## Exercise prompt
Please retype the data below exactly, stopping after the line with "#24=CARTESIAN_POINT('',(0.,0.,-34.0000000000005));" and skipping every picture.

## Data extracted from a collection

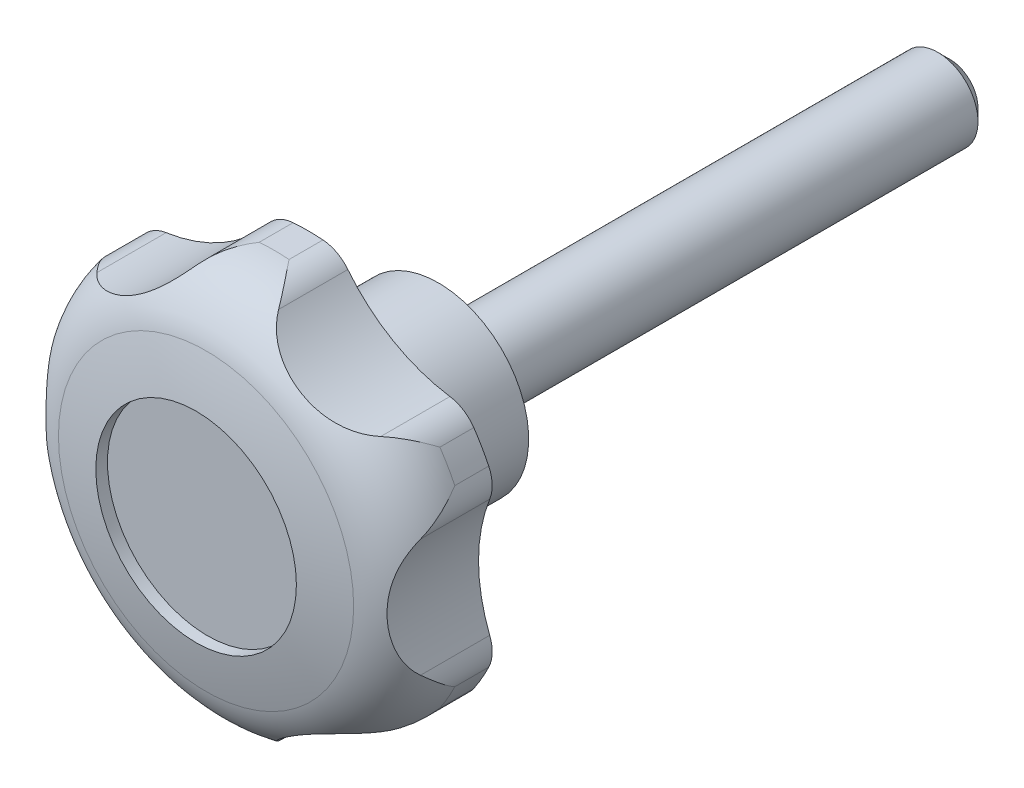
ISO-10303-21;
HEADER;
FILE_DESCRIPTION(('STEP AP214'),'2;1');
FILE_NAME('part.step','',(''),(''),'','','');
FILE_SCHEMA(('AUTOMOTIVE_DESIGN { 1 0 10303 214 1 1 1 1 }'));
ENDSEC;
DATA;
#1=APPLICATION_CONTEXT('core data for automotive mechanical design processes');
#2=APPLICATION_PROTOCOL_DEFINITION('international standard','automotive_design',2000,#1);
#3=PRODUCT_CONTEXT('',#1,'mechanical');
#4=PRODUCT('Part','Part','',(#3));
#5=PRODUCT_RELATED_PRODUCT_CATEGORY('part','',(#4));
#6=PRODUCT_DEFINITION_FORMATION('','',#4);
#7=PRODUCT_DEFINITION_CONTEXT('part definition',#1,'design');
#8=PRODUCT_DEFINITION('design','',#6,#7);
#9=PRODUCT_DEFINITION_SHAPE('','',#8);
#10=(LENGTH_UNIT() NAMED_UNIT(*) SI_UNIT(.MILLI.,.METRE.));
#11=(NAMED_UNIT(*) PLANE_ANGLE_UNIT() SI_UNIT($,.RADIAN.));
#12=(NAMED_UNIT(*) SI_UNIT($,.STERADIAN.) SOLID_ANGLE_UNIT());
#13=UNCERTAINTY_MEASURE_WITH_UNIT(LENGTH_MEASURE(1.E-05),#10,'distance_accuracy_value','');
#14=(GEOMETRIC_REPRESENTATION_CONTEXT(3) GLOBAL_UNCERTAINTY_ASSIGNED_CONTEXT((#13)) GLOBAL_UNIT_ASSIGNED_CONTEXT((#10,
#11,#12)) REPRESENTATION_CONTEXT('',''));
#15=CARTESIAN_POINT('',(0.,0.,0.));
#16=DIRECTION('',(0.,0.,1.));
#17=DIRECTION('',(1.,0.,0.));
#18=AXIS2_PLACEMENT_3D('',#15,#16,#17);
#19=CARTESIAN_POINT('',(0.,0.,-34.0000000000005));
#20=DIRECTION('',(-1.,0.,0.));
#21=DIRECTION('',(0.,0.,-1.));
#22=AXIS2_PLACEMENT_3D('',#19,#20,#21);
#23=SPHERICAL_SURFACE('',#22,60.);
#24=CARTESIAN_POINT('',(0.,0.,-34.0000000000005));
#25=DIRECTION('',(0.,0.,1.));
#26=DIRECTION('',(-1.,0.,0.));
#27=AXIS2_PLACEMENT_3D('',#24,#25,#26);
#28=SPHERICAL_SURFACE('',#27,60.);
#29=CARTESIAN_POINT('',(0.,0.,24.167090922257));
#30=DIRECTION('',(0.,0.,1.));
#31=DIRECTION('',(-1.,0.,0.));
#32=AXIS2_PLACEMENT_3D('',#29,#30,#31);
#33=CIRCLE('',#32,14.7169811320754);
#34=CARTESIAN_POINT('',(-14.7169811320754,0.,24.167090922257));
#35=VERTEX_POINT('',#34);
#36=EDGE_CURVE('E682',#35,#35,#33,.T.);
#37=ORIENTED_EDGE('',*,*,#36,.T.);
#38=EDGE_LOOP('',(#37));
#39=FACE_BOUND('',#38,.T.);
#40=CARTESIAN_POINT('',(0.,0.,25.160797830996));
#41=DIRECTION('',(0.,0.,-1.));
#42=DIRECTION('',(1.,0.,0.));
#43=AXIS2_PLACEMENT_3D('',#40,#41,#42);
#44=CIRCLE('',#43,10.);
#45=CARTESIAN_POINT('',(10.,0.,25.160797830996));
#46=VERTEX_POINT('',#45);
#47=EDGE_CURVE('E191',#46,#46,#44,.T.);
#48=ORIENTED_EDGE('',*,*,#47,.T.);
#49=EDGE_LOOP('',(#48));
#50=FACE_BOUND('',#49,.T.);
#51=ADVANCED_FACE('F14',(#39,#50),#28,.T.);
#52=CARTESIAN_POINT('',(0.,0.,32.5455656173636));
#53=DIRECTION('',(0.,0.,1.));
#54=DIRECTION('',(-1.,0.,0.));
#55=AXIS2_PLACEMENT_3D('',#52,#53,#54);
#56=CYLINDRICAL_SURFACE('',#55,20.);
#57=CARTESIAN_POINT('',(0.,0.,14.));
#58=DIRECTION('',(0.,0.,1.));
#59=DIRECTION('',(-1.,0.,0.));
#60=AXIS2_PLACEMENT_3D('',#57,#58,#59);
#61=CIRCLE('',#60,20.);
#62=CARTESIAN_POINT('',(1.4880574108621,19.9445653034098,13.9999999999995));
#63=VERTEX_POINT('',#62);
#64=CARTESIAN_POINT('',(-1.48805741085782,19.94456530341,13.9999999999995));
#65=VERTEX_POINT('',#64);
#66=EDGE_CURVE('E470',#63,#65,#61,.T.);
#67=ORIENTED_EDGE('',*,*,#66,.T.);
#68=DIRECTION('',(0.,0.,1.));
#69=VECTOR('',#68,1.);
#70=CARTESIAN_POINT('',(-1.48805741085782,19.94456530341,-49.));
#71=LINE('',#70,#69);
#72=CARTESIAN_POINT('',(-1.48805741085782,19.94456530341,17.38093031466));
#73=VERTEX_POINT('',#72);
#74=EDGE_CURVE('E182',#65,#73,#71,.T.);
#75=ORIENTED_EDGE('',*,*,#74,.T.);
#76=CARTESIAN_POINT('',(0.,0.,17.38093031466));
#77=DIRECTION('',(0.,0.,1.));
#78=DIRECTION('',(-1.,0.,0.));
#79=AXIS2_PLACEMENT_3D('',#76,#77,#78);
#80=CIRCLE('',#79,20.);
#81=CARTESIAN_POINT('',(1.4880574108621,19.9445653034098,17.38093031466));
#82=VERTEX_POINT('',#81);
#83=EDGE_CURVE('E198',#82,#73,#80,.T.);
#84=ORIENTED_EDGE('',*,*,#83,.F.);
#85=DIRECTION('',(0.,0.,1.));
#86=VECTOR('',#85,1.);
#87=CARTESIAN_POINT('',(1.4880574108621,19.9445653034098,-49.));
#88=LINE('',#87,#86);
#89=EDGE_CURVE('E637',#63,#82,#88,.T.);
#90=ORIENTED_EDGE('',*,*,#89,.F.);
#91=EDGE_LOOP('',(#67,#75,#84,#90));
#92=FACE_BOUND('',#91,.T.);
#93=ADVANCED_FACE('F437',(#92),#56,.T.);
#94=CARTESIAN_POINT('',(18.0165289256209,8.68358713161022,13.9999999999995));
#95=VERTEX_POINT('',#94);
#96=CARTESIAN_POINT('',(16.5284715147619,11.2609781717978,14.));
#97=VERTEX_POINT('',#96);
#98=EDGE_CURVE('E474',#95,#97,#61,.T.);
#99=ORIENTED_EDGE('',*,*,#98,.T.);
#100=DIRECTION('',(0.,0.,1.));
#101=VECTOR('',#100,1.);
#102=CARTESIAN_POINT('',(16.5284715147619,11.2609781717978,-49.));
#103=LINE('',#102,#101);
#104=CARTESIAN_POINT('',(16.5284715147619,11.2609781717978,17.38093031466));
#105=VERTEX_POINT('',#104);
#106=EDGE_CURVE('E502',#97,#105,#103,.T.);
#107=ORIENTED_EDGE('',*,*,#106,.T.);
#108=CARTESIAN_POINT('',(18.0165289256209,8.68358713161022,17.38093031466));
#109=VERTEX_POINT('',#108);
#110=EDGE_CURVE('E675',#109,#105,#80,.T.);
#111=ORIENTED_EDGE('',*,*,#110,.F.);
#112=DIRECTION('',(0.,0.,1.));
#113=VECTOR('',#112,1.);
#114=CARTESIAN_POINT('',(18.0165289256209,8.68358713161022,-49.));
#115=LINE('',#114,#113);
#116=EDGE_CURVE('E504',#95,#109,#115,.T.);
#117=ORIENTED_EDGE('',*,*,#116,.F.);
#118=EDGE_LOOP('',(#99,#107,#111,#117));
#119=FACE_BOUND('',#118,.T.);
#120=ADVANCED_FACE('F439',(#119),#56,.T.);
#121=CARTESIAN_POINT('',(16.5284715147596,-11.260978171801,13.9999999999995));
#122=VERTEX_POINT('',#121);
#123=CARTESIAN_POINT('',(18.0165289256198,-8.68358713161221,14.));
#124=VERTEX_POINT('',#123);
#125=EDGE_CURVE('E487',#122,#124,#61,.T.);
#126=ORIENTED_EDGE('',*,*,#125,.T.);
#127=DIRECTION('',(0.,0.,1.));
#128=VECTOR('',#127,1.);
#129=CARTESIAN_POINT('',(18.0165289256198,-8.68358713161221,-49.));
#130=LINE('',#129,#128);
#131=CARTESIAN_POINT('',(18.0165289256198,-8.68358713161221,17.38093031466));
#132=VERTEX_POINT('',#131);
#133=EDGE_CURVE('E623',#124,#132,#130,.T.);
#134=ORIENTED_EDGE('',*,*,#133,.T.);
#135=CARTESIAN_POINT('',(16.5284715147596,-11.260978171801,17.38093031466));
#136=VERTEX_POINT('',#135);
#137=EDGE_CURVE('E677',#136,#132,#80,.T.);
#138=ORIENTED_EDGE('',*,*,#137,.F.);
#139=DIRECTION('',(0.,0.,1.));
#140=VECTOR('',#139,1.);
#141=CARTESIAN_POINT('',(16.5284715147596,-11.260978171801,-49.));
#142=LINE('',#141,#140);
#143=EDGE_CURVE('E621',#122,#136,#142,.T.);
#144=ORIENTED_EDGE('',*,*,#143,.F.);
#145=EDGE_LOOP('',(#126,#134,#138,#144));
#146=FACE_BOUND('',#145,.T.);
#147=ADVANCED_FACE('F448',(#146),#56,.T.);
#148=CARTESIAN_POINT('',(-1.48805741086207,-19.9445653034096,13.9999999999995));
#149=VERTEX_POINT('',#148);
#150=CARTESIAN_POINT('',(1.48805741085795,-19.94456530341,14.));
#151=VERTEX_POINT('',#150);
#152=EDGE_CURVE('E481',#149,#151,#61,.T.);
#153=ORIENTED_EDGE('',*,*,#152,.T.);
#154=DIRECTION('',(0.,0.,1.));
#155=VECTOR('',#154,1.);
#156=CARTESIAN_POINT('',(1.48805741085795,-19.94456530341,-49.));
#157=LINE('',#156,#155);
#158=CARTESIAN_POINT('',(1.48805741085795,-19.94456530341,17.38093031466));
#159=VERTEX_POINT('',#158);
#160=EDGE_CURVE('E613',#151,#159,#157,.T.);
#161=ORIENTED_EDGE('',*,*,#160,.T.);
#162=CARTESIAN_POINT('',(-1.48805741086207,-19.9445653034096,17.38093031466));
#163=VERTEX_POINT('',#162);
#164=EDGE_CURVE('E679',#163,#159,#80,.T.);
#165=ORIENTED_EDGE('',*,*,#164,.F.);
#166=DIRECTION('',(0.,0.,1.));
#167=VECTOR('',#166,1.);
#168=CARTESIAN_POINT('',(-1.48805741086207,-19.9445653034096,-49.));
#169=LINE('',#168,#167);
#170=EDGE_CURVE('E611',#149,#163,#169,.T.);
#171=ORIENTED_EDGE('',*,*,#170,.F.);
#172=EDGE_LOOP('',(#153,#161,#165,#171));
#173=FACE_BOUND('',#172,.T.);
#174=ADVANCED_FACE('F460',(#173),#56,.T.);
#175=CARTESIAN_POINT('',(-18.0165289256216,-8.68358713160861,13.9999999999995));
#176=VERTEX_POINT('',#175);
#177=CARTESIAN_POINT('',(-16.5284715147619,-11.2609781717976,14.));
#178=VERTEX_POINT('',#177);
#179=EDGE_CURVE('E473',#176,#178,#61,.T.);
#180=ORIENTED_EDGE('',*,*,#179,.T.);
#181=DIRECTION('',(0.,0.,1.));
#182=VECTOR('',#181,1.);
#183=CARTESIAN_POINT('',(-16.5284715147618,-11.2609781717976,-49.));
#184=LINE('',#183,#182);
#185=CARTESIAN_POINT('',(-16.5284715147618,-11.2609781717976,17.38093031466));
#186=VERTEX_POINT('',#185);
#187=EDGE_CURVE('E603',#178,#186,#184,.T.);
#188=ORIENTED_EDGE('',*,*,#187,.T.);
#189=CARTESIAN_POINT('',(-18.0165289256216,-8.68358713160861,17.38093031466));
#190=VERTEX_POINT('',#189);
#191=EDGE_CURVE('E485',#190,#186,#80,.T.);
#192=ORIENTED_EDGE('',*,*,#191,.F.);
#193=DIRECTION('',(0.,0.,1.));
#194=VECTOR('',#193,1.);
#195=CARTESIAN_POINT('',(-18.0165289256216,-8.68358713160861,-49.));
#196=LINE('',#195,#194);
#197=EDGE_CURVE('E601',#176,#190,#196,.T.);
#198=ORIENTED_EDGE('',*,*,#197,.F.);
#199=EDGE_LOOP('',(#180,#188,#192,#198));
#200=FACE_BOUND('',#199,.T.);
#201=ADVANCED_FACE('F453',(#200),#56,.T.);
#202=CARTESIAN_POINT('',(-16.5284715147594,11.2609781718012,13.9999999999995));
#203=VERTEX_POINT('',#202);
#204=CARTESIAN_POINT('',(-18.0165289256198,8.68358713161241,14.));
#205=VERTEX_POINT('',#204);
#206=EDGE_CURVE('E465',#203,#205,#61,.T.);
#207=ORIENTED_EDGE('',*,*,#206,.T.);
#208=DIRECTION('',(0.,0.,1.));
#209=VECTOR('',#208,1.);
#210=CARTESIAN_POINT('',(-18.0165289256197,8.68358713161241,-49.));
#211=LINE('',#210,#209);
#212=CARTESIAN_POINT('',(-18.0165289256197,8.68358713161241,17.38093031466));
#213=VERTEX_POINT('',#212);
#214=EDGE_CURVE('E37',#205,#213,#211,.T.);
#215=ORIENTED_EDGE('',*,*,#214,.T.);
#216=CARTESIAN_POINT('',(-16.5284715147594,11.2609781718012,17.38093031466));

## Output of the task
ISO-10303-21;
HEADER;
FILE_DESCRIPTION(('STEP AP214'),'2;1');
FILE_NAME('part.step','',(''),(''),'','','');
FILE_SCHEMA(('AUTOMOTIVE_DESIGN { 1 0 10303 214 1 1 1 1 }'));
ENDSEC;
DATA;
#1=APPLICATION_CONTEXT('core data for automotive mechanical design processes');
#2=APPLICATION_PROTOCOL_DEFINITION('international standard','automotive_design',2000,#1);
#3=PRODUCT_CONTEXT('',#1,'mechanical');
#4=PRODUCT('Part','Part','',(#3));
#5=PRODUCT_RELATED_PRODUCT_CATEGORY('part','',(#4));
#6=PRODUCT_DEFINITION_FORMATION('','',#4);
#7=PRODUCT_DEFINITION_CONTEXT('part definition',#1,'design');
#8=PRODUCT_DEFINITION('design','',#6,#7);
#9=PRODUCT_DEFINITION_SHAPE('','',#8);
#10=(LENGTH_UNIT() NAMED_UNIT(*) SI_UNIT(.MILLI.,.METRE.));
#11=(NAMED_UNIT(*) PLANE_ANGLE_UNIT() SI_UNIT($,.RADIAN.));
#12=(NAMED_UNIT(*) SI_UNIT($,.STERADIAN.) SOLID_ANGLE_UNIT());
#13=UNCERTAINTY_MEASURE_WITH_UNIT(LENGTH_MEASURE(1.E-05),#10,'distance_accuracy_value','');
#14=(GEOMETRIC_REPRESENTATION_CONTEXT(3) GLOBAL_UNCERTAINTY_ASSIGNED_CONTEXT((#13)) GLOBAL_UNIT_ASSIGNED_CONTEXT((#10,
#11,#12)) REPRESENTATION_CONTEXT('',''));
#15=CARTESIAN_POINT('',(0.,0.,0.));
#16=DIRECTION('',(0.,0.,1.));
#17=DIRECTION('',(1.,0.,0.));
#18=AXIS2_PLACEMENT_3D('',#15,#16,#17);
#19=CARTESIAN_POINT('',(0.,0.,-34.0000000000005));
#20=DIRECTION('',(-1.,0.,0.));
#21=DIRECTION('',(0.,0.,-1.));
#22=AXIS2_PLACEMENT_3D('',#19,#20,#21);
#23=SPHERICAL_SURFACE('',#22,60.);
#24=CARTESIAN_POINT('',(0.,0.,-34.0000000000005));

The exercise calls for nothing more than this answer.